Prompt: Please repeat exactly the lines from the one containing "uC Sensor Scale1 : Gain" through the last line of the records below, leaving out any pictures.

Exercise materials Block Start

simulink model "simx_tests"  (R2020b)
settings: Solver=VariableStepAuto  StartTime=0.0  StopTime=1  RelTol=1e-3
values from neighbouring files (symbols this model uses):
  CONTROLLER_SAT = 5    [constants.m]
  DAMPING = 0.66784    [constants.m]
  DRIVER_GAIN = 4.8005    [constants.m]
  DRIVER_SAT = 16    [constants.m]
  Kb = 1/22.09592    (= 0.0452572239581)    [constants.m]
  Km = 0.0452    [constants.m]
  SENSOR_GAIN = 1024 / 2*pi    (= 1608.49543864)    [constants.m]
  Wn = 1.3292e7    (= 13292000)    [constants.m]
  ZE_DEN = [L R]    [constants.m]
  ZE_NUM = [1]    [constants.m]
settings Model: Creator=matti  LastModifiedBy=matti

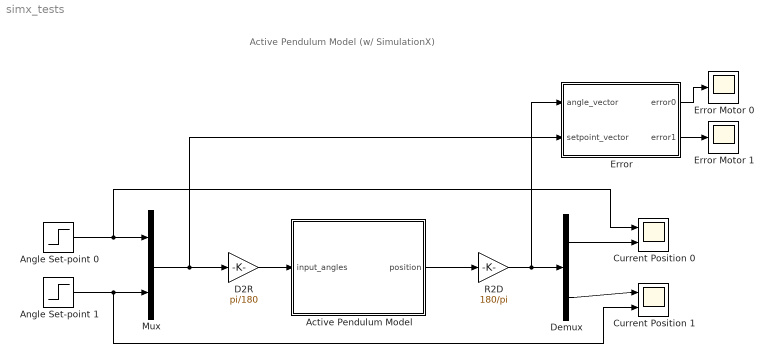
== system simx_tests ==
  note: Active Pendulum Model (w/ SimulationX)
  Active Pendulum Model : Subsystem
  Angle Set-point 0 : Step  Time=0.1  After=90  SampleTime=0
  Angle Set-point 1 : Step  Time=0.1  After=90  SampleTime=0
  Current Position 0 : Scope  NumInputPorts=2
  Current Position 1 : Scope  NumInputPorts=2
  D2R : Gain  Gain=pi/180
  Demux : Demux  Outputs=2
  Error : Subsystem
  Error Motor 0 : Scope
  Error Motor 1 : Scope
  Mux : Mux  Inputs=2
  R2D : Gain  Gain=180/pi
  wires:
  Angle Set-point 0/1 -> Current Position 0/1, Mux/1
  Angle Set-point 1/1 -> Current Position 1/2, Mux/2
  Mux/1 -> Error/2(setpoint_vector), D2R/1
  D2R/1 -> Active Pendulum Model/1(input_angles)
  Active Pendulum Model/1(position) -> R2D/1
  R2D/1 -> Error/1(angle_vector), Demux/1
  Demux/1 -> Current Position 0/2
  Demux/2 -> Current Position 1/1
  Error/1(error0) -> Error Motor 0/1
  Error/2(error1) -> Error Motor 1/1

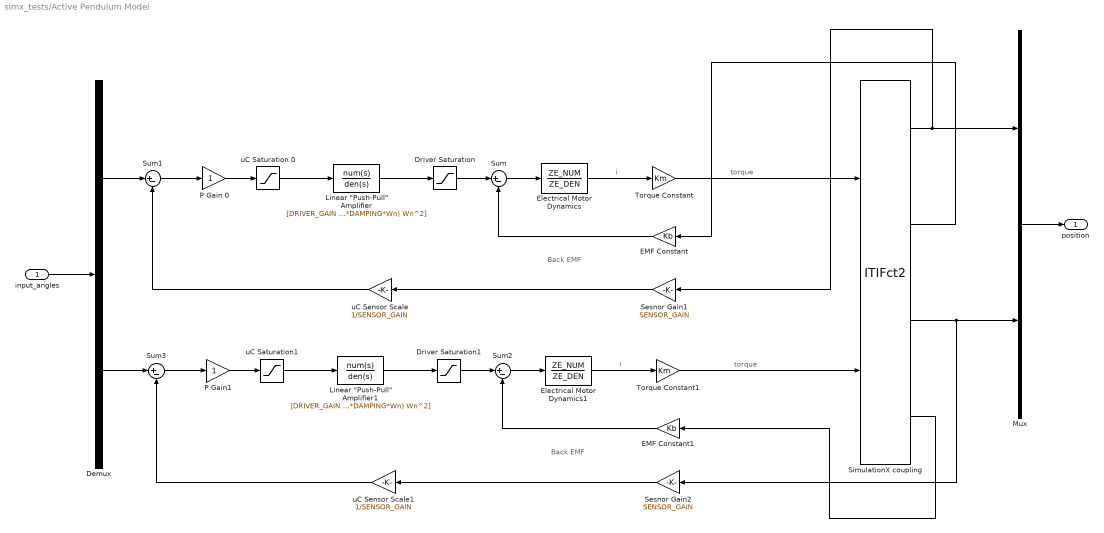
== system simx_tests/Active Pendulum Model ==
  note: Back EMF
  note: torque
  note: i
  note: torque
  note: i
  note: Back EMF
  input_angles : Inport
  Demux : Demux  Outputs=2
  Driver Saturation : Saturate  UpperLimit=DRIVER_SAT  LowerLimit=-DRIVER_SAT
  Driver Saturation1 : Saturate  UpperLimit=DRIVER_SAT  LowerLimit=-DRIVER_SAT
  EMF Constant : Gain  Gain=Kb
  EMF Constant1 : Gain  Gain=Kb
  Electrical Motor Dynamics : TransferFcn  Numerator=ZE_NUM  Denominator=ZE_DEN
  Electrical Motor Dynamics1 : TransferFcn  Numerator=ZE_NUM  Denominator=ZE_DEN
  "Linear \"Push-Pull\" Amplifier" : TransferFcn  Numerator=[DRIVER_GAIN * Wn^2]  Denominator=[1 (2*DAMPING*Wn) Wn^2]
  "Linear \"Push-Pull\" Amplifier1" : TransferFcn  Numerator=[DRIVER_GAIN * Wn^2]  Denominator=[1 (2*DAMPING*Wn) Wn^2]
  Mux : Mux  Inputs=2
  P Gain 0 : Gain
  P Gain1 : Gain
  Sesnor Gain1 : Gain  Gain=SENSOR_GAIN
  Sesnor Gain2 : Gain  Gain=SENSOR_GAIN
  SimulationX coupling : S-Function  FunctionName=ITIFct2  Parameters=ip, port, ts, nIn, nOut  SFunctionDeploymentMode=off  EnableBusSupport=off  mask{ip='localhost', port=4097, ts=0.00001, nIn=2, nOut=4}
      mask prompts: ip "Address: ip"; port "Port Number: port [-]"; ts "Communication Step Size: ts [s]"; nIn "Input Vector Dimension (to SimulationX): nIn [-]"; nOut "Output Vector Dimension (from SimulationX): nOut [-]"
      mask help: Coupling Element
  Sum{,1..3} (4 alike) : Sum  Inputs=|+-
  Torque Constant : Gain  Gain=Km
  Torque Constant1 : Gain  Gain=Km
  uC Saturation 0 : Saturate  UpperLimit=CONTROLLER_SAT  LowerLimit=-CONTROLLER_SAT
  uC Saturation1 : Saturate  UpperLimit=CONTROLLER_SAT  LowerLimit=-CONTROLLER_SAT
  uC Sensor Scale : Gain  Gain=1/SENSOR_GAIN
  uC Sensor Scale1 : Gain  Gain=1/SENSOR_GAIN
  position : Outport
  wires:
  SimulationX coupling/1 -> Sesnor Gain1/1, Mux/1
  uC Sensor Scale/1 -> Sum1/2
  Electrical Motor Dynamics/1 -> Torque Constant/1
  "Linear \"Push-Pull\" Amplifier"/1 -> Driver Saturation/1
  uC Saturation1/1 -> "Linear \"Push-Pull\" Amplifier1"/1
  Driver Saturation/1 -> Sum/1
  Sesnor Gain1/1 -> uC Sensor Scale/1
  SimulationX coupling/2 -> EMF Constant/1
  Sum/1 -> Electrical Motor Dynamics/1
  Sum1/1 -> P Gain 0/1
  uC Saturation 0/1 -> "Linear \"Push-Pull\" Amplifier"/1
  EMF Constant/1 -> Sum/2
  Sum3/1 -> P Gain1/1
  P Gain 0/1 -> uC Saturation 0/1
  Torque Constant1/1 -> SimulationX coupling/2
  EMF Constant1/1 -> Sum2/2
  SimulationX coupling/4 -> EMF Constant1/1
  "Linear \"Push-Pull\" Amplifier1"/1 -> Driver Saturation1/1
  Driver Saturation1/1 -> Sum2/1
  SimulationX coupling/3 -> Mux/2, Sesnor Gain2/1
  uC Sensor Scale1/1 -> Sum3/2
  P Gain1/1 -> uC Saturation1/1
  Sesnor Gain2/1 -> uC Sensor Scale1/1
  Sum2/1 -> Electrical Motor Dynamics1/1
  Torque Constant/1 -> SimulationX coupling/1
  Electrical Motor Dynamics1/1 -> Torque Constant1/1
  Demux/1 -> Sum1/1
  Demux/2 -> Sum3/1
  input_angles/1 -> Demux/1
  Mux/1 -> position/1

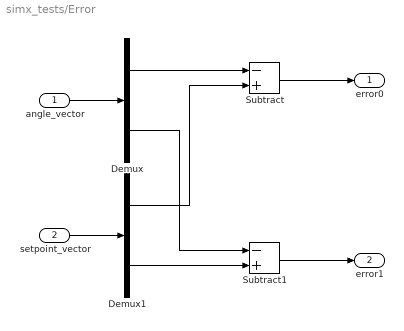
== system simx_tests/Error ==
  angle_vector : Inport
  setpoint_vector : Inport  Port=2
  Demux : Demux  Outputs=2
  Demux1 : Demux  Outputs=2
  Subtract : Sum  Inputs=-+
  Subtract1 : Sum  Inputs=-+
  error0 : Outport
  error1 : Outport  Port=2
  wires:
  Subtract/1 -> error0/1
  angle_vector/1 -> Demux/1
  setpoint_vector/1 -> Demux1/1
  Demux1/1 -> Subtract/2
  Demux/1 -> Subtract/1
  Demux/2 -> Subtract1/1
  Demux1/2 -> Subtract1/2
  Subtract1/1 -> error1/1

Exercise materials Block End

Your response:
  uC Sensor Scale1 : Gain  Gain=1/SENSOR_GAIN
  position : Outport
  wires:
  SimulationX coupling/1 -> Sesnor Gain1/1, Mux/1
  uC Sensor Scale/1 -> Sum1/2
  Electrical Motor Dynamics/1 -> Torque Constant/1
  "Linear \"Push-Pull\" Amplifier"/1 -> Driver Saturation/1
  uC Saturation1/1 -> "Linear \"Push-Pull\" Amplifier1"/1
  Driver Saturation/1 -> Sum/1
  Sesnor Gain1/1 -> uC Sensor Scale/1
  SimulationX coupling/2 -> EMF Constant/1
  Sum/1 -> Electrical Motor Dynamics/1
  Sum1/1 -> P Gain 0/1
  uC Saturation 0/1 -> "Linear \"Push-Pull\" Amplifier"/1
  EMF Constant/1 -> Sum/2
  Sum3/1 -> P Gain1/1
  P Gain 0/1 -> uC Saturation 0/1
  Torque Constant1/1 -> SimulationX coupling/2
  EMF Constant1/1 -> Sum2/2
  SimulationX coupling/4 -> EMF Constant1/1
  "Linear \"Push-Pull\" Amplifier1"/1 -> Driver Saturation1/1
  Driver Saturation1/1 -> Sum2/1
  SimulationX coupling/3 -> Mux/2, Sesnor Gain2/1
  uC Sensor Scale1/1 -> Sum3/2
  P Gain1/1 -> uC Saturation1/1
  Sesnor Gain2/1 -> uC Sensor Scale1/1
  Sum2/1 -> Electrical Motor Dynamics1/1
  Torque Constant/1 -> SimulationX coupling/1
  Electrical Motor Dynamics1/1 -> Torque Constant1/1
  Demux/1 -> Sum1/1
  Demux/2 -> Sum3/1
  input_angles/1 -> Demux/1
  Mux/1 -> position/1

== system simx_tests/Error ==
  angle_vector : Inport
  setpoint_vector : Inport  Port=2
  Demux : Demux  Outputs=2
  Demux1 : Demux  Outputs=2
  Subtract : Sum  Inputs=-+
  Subtract1 : Sum  Inputs=-+
  error0 : Outport
  error1 : Outport  Port=2
  wires:
  Subtract/1 -> error0/1
  angle_vector/1 -> Demux/1
  setpoint_vector/1 -> Demux1/1
  Demux1/1 -> Subtract/2
  Demux/1 -> Subtract/1
  Demux/2 -> Subtract1/1
  Demux1/2 -> Subtract1/2
  Subtract1/1 -> error1/1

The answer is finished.